Triana, sé que tú eres una gran lectora, eso se nota, y nos podrías dar a todos sabias lecciones sobre libros imprescindibles. Lo que encontraste ayer, como bien dices, no es un libro, es una joya, igual que las que encontró Blanca y nos contó en su comentario. Te felicito por ese hallazgo y espero que nos cuelgues algo de mi tocayo Romero.

Un beso, guapa.

Arlette dijo...

Depende del sentimiento que tengas en ese momento.
Mi consejo es que sigas tus gustos, que experimentes sobre seguro y que, ¡tranquila! Llegará el día que tendrás mucho tiempo para leer.
Un beso.

Maribel dijo...

Hola Arlette.
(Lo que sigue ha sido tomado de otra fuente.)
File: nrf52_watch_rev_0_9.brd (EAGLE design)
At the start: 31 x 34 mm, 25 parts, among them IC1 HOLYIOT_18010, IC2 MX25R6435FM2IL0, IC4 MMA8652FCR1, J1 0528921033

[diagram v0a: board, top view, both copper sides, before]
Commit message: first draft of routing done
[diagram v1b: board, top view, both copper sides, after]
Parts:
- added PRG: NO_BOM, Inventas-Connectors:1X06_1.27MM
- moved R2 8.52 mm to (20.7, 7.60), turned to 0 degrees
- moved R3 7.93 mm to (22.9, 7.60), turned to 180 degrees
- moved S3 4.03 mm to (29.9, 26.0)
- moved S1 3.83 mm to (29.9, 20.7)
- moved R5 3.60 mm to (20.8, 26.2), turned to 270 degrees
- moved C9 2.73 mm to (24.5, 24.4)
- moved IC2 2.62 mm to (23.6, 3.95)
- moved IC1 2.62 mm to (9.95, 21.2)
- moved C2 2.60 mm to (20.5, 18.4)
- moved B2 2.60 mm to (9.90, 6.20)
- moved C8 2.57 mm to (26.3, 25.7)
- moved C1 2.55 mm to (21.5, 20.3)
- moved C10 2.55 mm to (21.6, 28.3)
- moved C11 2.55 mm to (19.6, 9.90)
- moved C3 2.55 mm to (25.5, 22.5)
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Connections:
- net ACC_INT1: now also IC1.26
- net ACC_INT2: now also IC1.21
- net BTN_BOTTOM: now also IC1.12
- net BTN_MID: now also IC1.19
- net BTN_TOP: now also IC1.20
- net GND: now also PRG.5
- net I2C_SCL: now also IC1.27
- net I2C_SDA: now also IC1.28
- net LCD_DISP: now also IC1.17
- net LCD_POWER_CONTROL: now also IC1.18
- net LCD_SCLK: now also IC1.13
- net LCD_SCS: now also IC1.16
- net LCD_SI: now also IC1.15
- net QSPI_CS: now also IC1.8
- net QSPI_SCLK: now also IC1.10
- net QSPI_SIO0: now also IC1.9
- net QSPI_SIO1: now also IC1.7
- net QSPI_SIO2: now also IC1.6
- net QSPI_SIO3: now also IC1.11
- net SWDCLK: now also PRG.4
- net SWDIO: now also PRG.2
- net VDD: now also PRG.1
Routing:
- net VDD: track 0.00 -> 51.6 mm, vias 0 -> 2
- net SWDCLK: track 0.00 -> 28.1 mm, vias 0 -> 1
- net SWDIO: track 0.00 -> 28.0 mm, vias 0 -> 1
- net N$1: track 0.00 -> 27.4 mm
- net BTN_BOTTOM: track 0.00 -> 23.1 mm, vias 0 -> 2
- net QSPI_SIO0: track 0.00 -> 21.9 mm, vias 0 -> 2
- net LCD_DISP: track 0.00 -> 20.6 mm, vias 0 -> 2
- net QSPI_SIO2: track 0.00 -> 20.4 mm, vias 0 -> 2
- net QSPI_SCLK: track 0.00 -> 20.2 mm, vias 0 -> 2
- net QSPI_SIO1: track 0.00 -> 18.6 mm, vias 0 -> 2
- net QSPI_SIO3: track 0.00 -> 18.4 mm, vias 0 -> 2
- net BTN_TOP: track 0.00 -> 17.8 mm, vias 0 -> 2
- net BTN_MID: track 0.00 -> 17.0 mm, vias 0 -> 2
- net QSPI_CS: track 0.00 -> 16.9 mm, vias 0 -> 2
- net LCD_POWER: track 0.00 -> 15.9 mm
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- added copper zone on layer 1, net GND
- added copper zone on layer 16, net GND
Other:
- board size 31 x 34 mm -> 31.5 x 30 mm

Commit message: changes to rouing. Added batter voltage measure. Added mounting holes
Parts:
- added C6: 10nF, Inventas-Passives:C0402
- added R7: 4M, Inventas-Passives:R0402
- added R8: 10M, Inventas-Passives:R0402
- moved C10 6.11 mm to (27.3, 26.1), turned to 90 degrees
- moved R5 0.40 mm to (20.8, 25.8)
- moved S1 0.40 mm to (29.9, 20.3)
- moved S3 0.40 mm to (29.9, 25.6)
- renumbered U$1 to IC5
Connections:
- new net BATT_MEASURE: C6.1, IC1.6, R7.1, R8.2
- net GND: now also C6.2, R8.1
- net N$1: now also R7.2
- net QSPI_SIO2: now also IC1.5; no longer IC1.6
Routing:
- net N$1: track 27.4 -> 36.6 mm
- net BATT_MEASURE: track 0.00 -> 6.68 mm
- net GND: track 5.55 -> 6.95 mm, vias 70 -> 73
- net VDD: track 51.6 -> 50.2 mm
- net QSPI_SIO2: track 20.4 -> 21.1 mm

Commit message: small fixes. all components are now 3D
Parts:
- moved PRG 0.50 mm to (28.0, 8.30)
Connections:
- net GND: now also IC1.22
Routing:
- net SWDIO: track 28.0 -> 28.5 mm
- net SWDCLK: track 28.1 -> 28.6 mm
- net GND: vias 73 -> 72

Me temo que en toda una vida no podré leer lo que quisiera, pero es mal de muchos. Procuro diversificar y leer de todo un poco, no estancarme en un género o con un autor. Hoy he estado en la biblioteca y me he traído tres libros. Una vez que los tenía elegidos he visto otros que también me interesaban, y otros, y otros...
En fin, será para la siguiente ocasión. Un beso.